§ Brief
Those lines of the data that hold the word "part" are to be copied out.

• • •

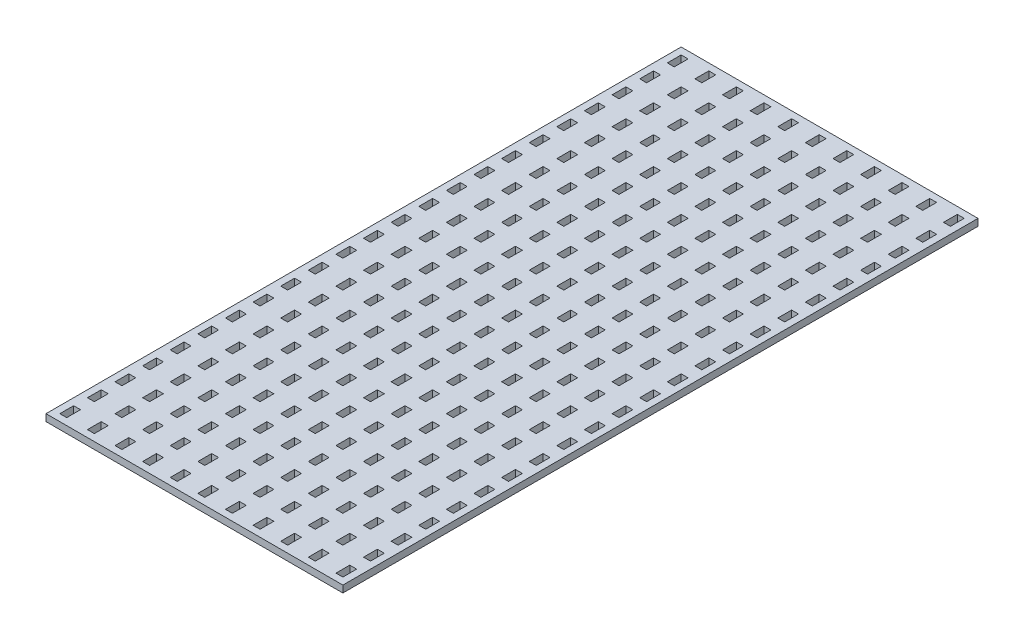
from build123d import *

# Parameters (mm, degrees)
SKETCH1_W              = 273.05
SKETCH1_H              = 584.2
BOSS_EXTRUDE1_DEPTH    = 3.175
SKETCH2_W              = 6.35
SKETCH2_H              = 12.7
CUT_EXTRUDE1_DEPTH     = 323.493113299
LPATTERN1_COUNT        = 7
LPATTERN1_PITCH        = 25.4
LPATTERN1_COUNT_DIR2   = 7
LPATTERN1_PITCH_DIR2   = 25.4
LPATTERN2_START        = -130.175
LPATTERN2_OUTLINE_W    = 6.35
LPATTERN2_OUTLINE_H    = 12.7
LPATTERN2_DEPTH        = 6.35
LPATTERN2_START_2      = -104.775
LPATTERN2_2_OUTLINE_W  = 6.35
LPATTERN2_2_OUTLINE_H  = 12.7
LPATTERN2_2_DEPTH      = 6.35
LPATTERN2_START_3      = -79.375
LPATTERN2_3_OUTLINE_W  = 6.35
LPATTERN2_3_OUTLINE_H  = 12.7
LPATTERN2_3_DEPTH      = 6.35
LPATTERN2_START_4      = -53.975
LPATTERN2_4_OUTLINE_W  = 6.35
LPATTERN2_4_OUTLINE_H  = 12.7
LPATTERN2_4_DEPTH      = 6.35
LPATTERN2_START_5      = -28.575
LPATTERN2_5_OUTLINE_W  = 6.35
LPATTERN2_5_OUTLINE_H  = 12.7
LPATTERN2_5_DEPTH      = 6.35
LPATTERN2_START_6      = -3.175
LPATTERN2_6_OUTLINE_W  = 6.35
LPATTERN2_6_OUTLINE_H  = 12.7
LPATTERN2_6_DEPTH      = 6.35
LPATTERN2_START_7      = 22.225
LPATTERN2_7_OUTLINE_W  = 6.35
LPATTERN2_7_OUTLINE_H  = 12.7
LPATTERN2_7_DEPTH      = 6.35
LPATTERN2_START_8      = 47.625
LPATTERN2_8_OUTLINE_W  = 6.35
LPATTERN2_8_OUTLINE_H  = 12.7
LPATTERN2_8_DEPTH      = 6.35
LPATTERN2_START_9      = 73.025
LPATTERN2_9_OUTLINE_W  = 6.35
LPATTERN2_9_OUTLINE_H  = 12.7
LPATTERN2_9_DEPTH      = 6.35
LPATTERN2_START_10     = 98.425
LPATTERN2_10_OUTLINE_W = 6.35
LPATTERN2_10_OUTLINE_H = 12.7
LPATTERN2_10_DEPTH     = 6.35
LPATTERN2_START_11     = 123.825
LPATTERN2_11_OUTLINE_W = 6.35
LPATTERN2_11_OUTLINE_H = 12.7
LPATTERN2_11_DEPTH     = 6.35


# Read off the part's stored shape, not the designer's step: LPattern2
with BuildPart() as part:
    # Sketch1 → Boss-Extrude1 (new, symmetric)
    with BuildSketch(Plane(origin=(0, 0, 0), x_dir=(1, 0, 0), z_dir=(0, 1, 0))):
        Rectangle(SKETCH1_W, SKETCH1_H)
    extrude(amount=BOSS_EXTRUDE1_DEPTH, both=True)

    # Sketch2 → Cut-Extrude1 (cut, through all)
    with BuildSketch(Plane(origin=(0, 3.175, 0), x_dir=(1, 0, 0), z_dir=(0, 1, 0))):
        Rectangle(SKETCH2_W, SKETCH2_H)
    cut_extrude1 = extrude(amount=-CUT_EXTRUDE1_DEPTH, mode=Mode.SUBTRACT)

    # LPattern1: Cut-Extrude1 7 × 7
    with Locations(*[Vector(1, 0, 0) * (i * LPATTERN1_PITCH) + Vector(-1, 0, 0) * (j * LPATTERN1_PITCH_DIR2) for i in range(LPATTERN1_COUNT) for j in range(LPATTERN1_COUNT_DIR2) if (i, j) != (0, 0)]):
        add(cut_extrude1, mode=Mode.SUBTRACT)

    # LPattern2 outline → LPattern2 (cut)
    with BuildSketch(Plane.YZ.offset(LPATTERN2_START)):
        with Locations((0, -25.4)):
            Rectangle(LPATTERN2_OUTLINE_W, LPATTERN2_OUTLINE_H)
        with Locations((0, 25.4)):
            Rectangle(LPATTERN2_OUTLINE_W, LPATTERN2_OUTLINE_H)
        with Locations((0, -50.8)):
            Rectangle(LPATTERN2_OUTLINE_W, LPATTERN2_OUTLINE_H)
        with Locations((0, 50.8)):
            Rectangle(LPATTERN2_OUTLINE_W, LPATTERN2_OUTLINE_H)
        with Locations((0, -76.2)):
            Rectangle(LPATTERN2_OUTLINE_W, LPATTERN2_OUTLINE_H)
        with Locations((0, 76.2)):
            Rectangle(LPATTERN2_OUTLINE_W, LPATTERN2_OUTLINE_H)
        with Locations((0, -101.6)):
            Rectangle(LPATTERN2_OUTLINE_W, LPATTERN2_OUTLINE_H)
        with Locations((0, 101.6)):
            Rectangle(LPATTERN2_OUTLINE_W, LPATTERN2_OUTLINE_H)
        with Locations((0, -127)):
            Rectangle(LPATTERN2_OUTLINE_W, LPATTERN2_OUTLINE_H)
        with Locations((0, 127)):
            Rectangle(LPATTERN2_OUTLINE_W, LPATTERN2_OUTLINE_H)
        with Locations((0, -152.4)):
            Rectangle(LPATTERN2_OUTLINE_W, LPATTERN2_OUTLINE_H)
        with Locations((0, 152.4)):
            Rectangle(LPATTERN2_OUTLINE_W, LPATTERN2_OUTLINE_H)
        with Locations((0, -177.8)):
            Rectangle(LPATTERN2_OUTLINE_W, LPATTERN2_OUTLINE_H)
        with Locations((0, 177.8)):
            Rectangle(LPATTERN2_OUTLINE_W, LPATTERN2_OUTLINE_H)
        with Locations((0, -203.2)):
            Rectangle(LPATTERN2_OUTLINE_W, LPATTERN2_OUTLINE_H)
        with Locations((0, 203.2)):
            Rectangle(LPATTERN2_OUTLINE_W, LPATTERN2_OUTLINE_H)
        with Locations((0, -228.6)):
            Rectangle(LPATTERN2_OUTLINE_W, LPATTERN2_OUTLINE_H)
        with Locations((0, 228.6)):
            Rectangle(LPATTERN2_OUTLINE_W, LPATTERN2_OUTLINE_H)
        with Locations((0, -254)):
            Rectangle(LPATTERN2_OUTLINE_W, LPATTERN2_OUTLINE_H)
        with Locations((0, 254)):
            Rectangle(LPATTERN2_OUTLINE_W, LPATTERN2_OUTLINE_H)
        with Locations((0, -279.4)):
            Rectangle(LPATTERN2_OUTLINE_W, LPATTERN2_OUTLINE_H)
        with Locations((0, 279.4)):
            Rectangle(LPATTERN2_OUTLINE_W, LPATTERN2_OUTLINE_H)
    extrude(amount=LPATTERN2_DEPTH, mode=Mode.SUBTRACT)

    # LPattern2 2 outline → LPattern2 2 (cut)
    with BuildSketch(Plane.YZ.offset(LPATTERN2_START_2)):
        with Locations((0, -25.4)):
            Rectangle(LPATTERN2_2_OUTLINE_W, LPATTERN2_2_OUTLINE_H)
        with Locations((0, 25.4)):
            Rectangle(LPATTERN2_2_OUTLINE_W, LPATTERN2_2_OUTLINE_H)
        with Locations((0, -50.8)):
            Rectangle(LPATTERN2_2_OUTLINE_W, LPATTERN2_2_OUTLINE_H)
        with Locations((0, 50.8)):
            Rectangle(LPATTERN2_2_OUTLINE_W, LPATTERN2_2_OUTLINE_H)
        with Locations((0, -76.2)):
            Rectangle(LPATTERN2_2_OUTLINE_W, LPATTERN2_2_OUTLINE_H)
        with Locations((0, 76.2)):
            Rectangle(LPATTERN2_2_OUTLINE_W, LPATTERN2_2_OUTLINE_H)
        with Locations((0, -101.6)):
            Rectangle(LPATTERN2_2_OUTLINE_W, LPATTERN2_2_OUTLINE_H)
        with Locations((0, 101.6)):
            Rectangle(LPATTERN2_2_OUTLINE_W, LPATTERN2_2_OUTLINE_H)
        with Locations((0, -127)):
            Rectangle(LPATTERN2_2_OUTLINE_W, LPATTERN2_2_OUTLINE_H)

• • •

§ Answer box
# Read off the part's stored shape, not the designer's step: LPattern2
with BuildPart() as part:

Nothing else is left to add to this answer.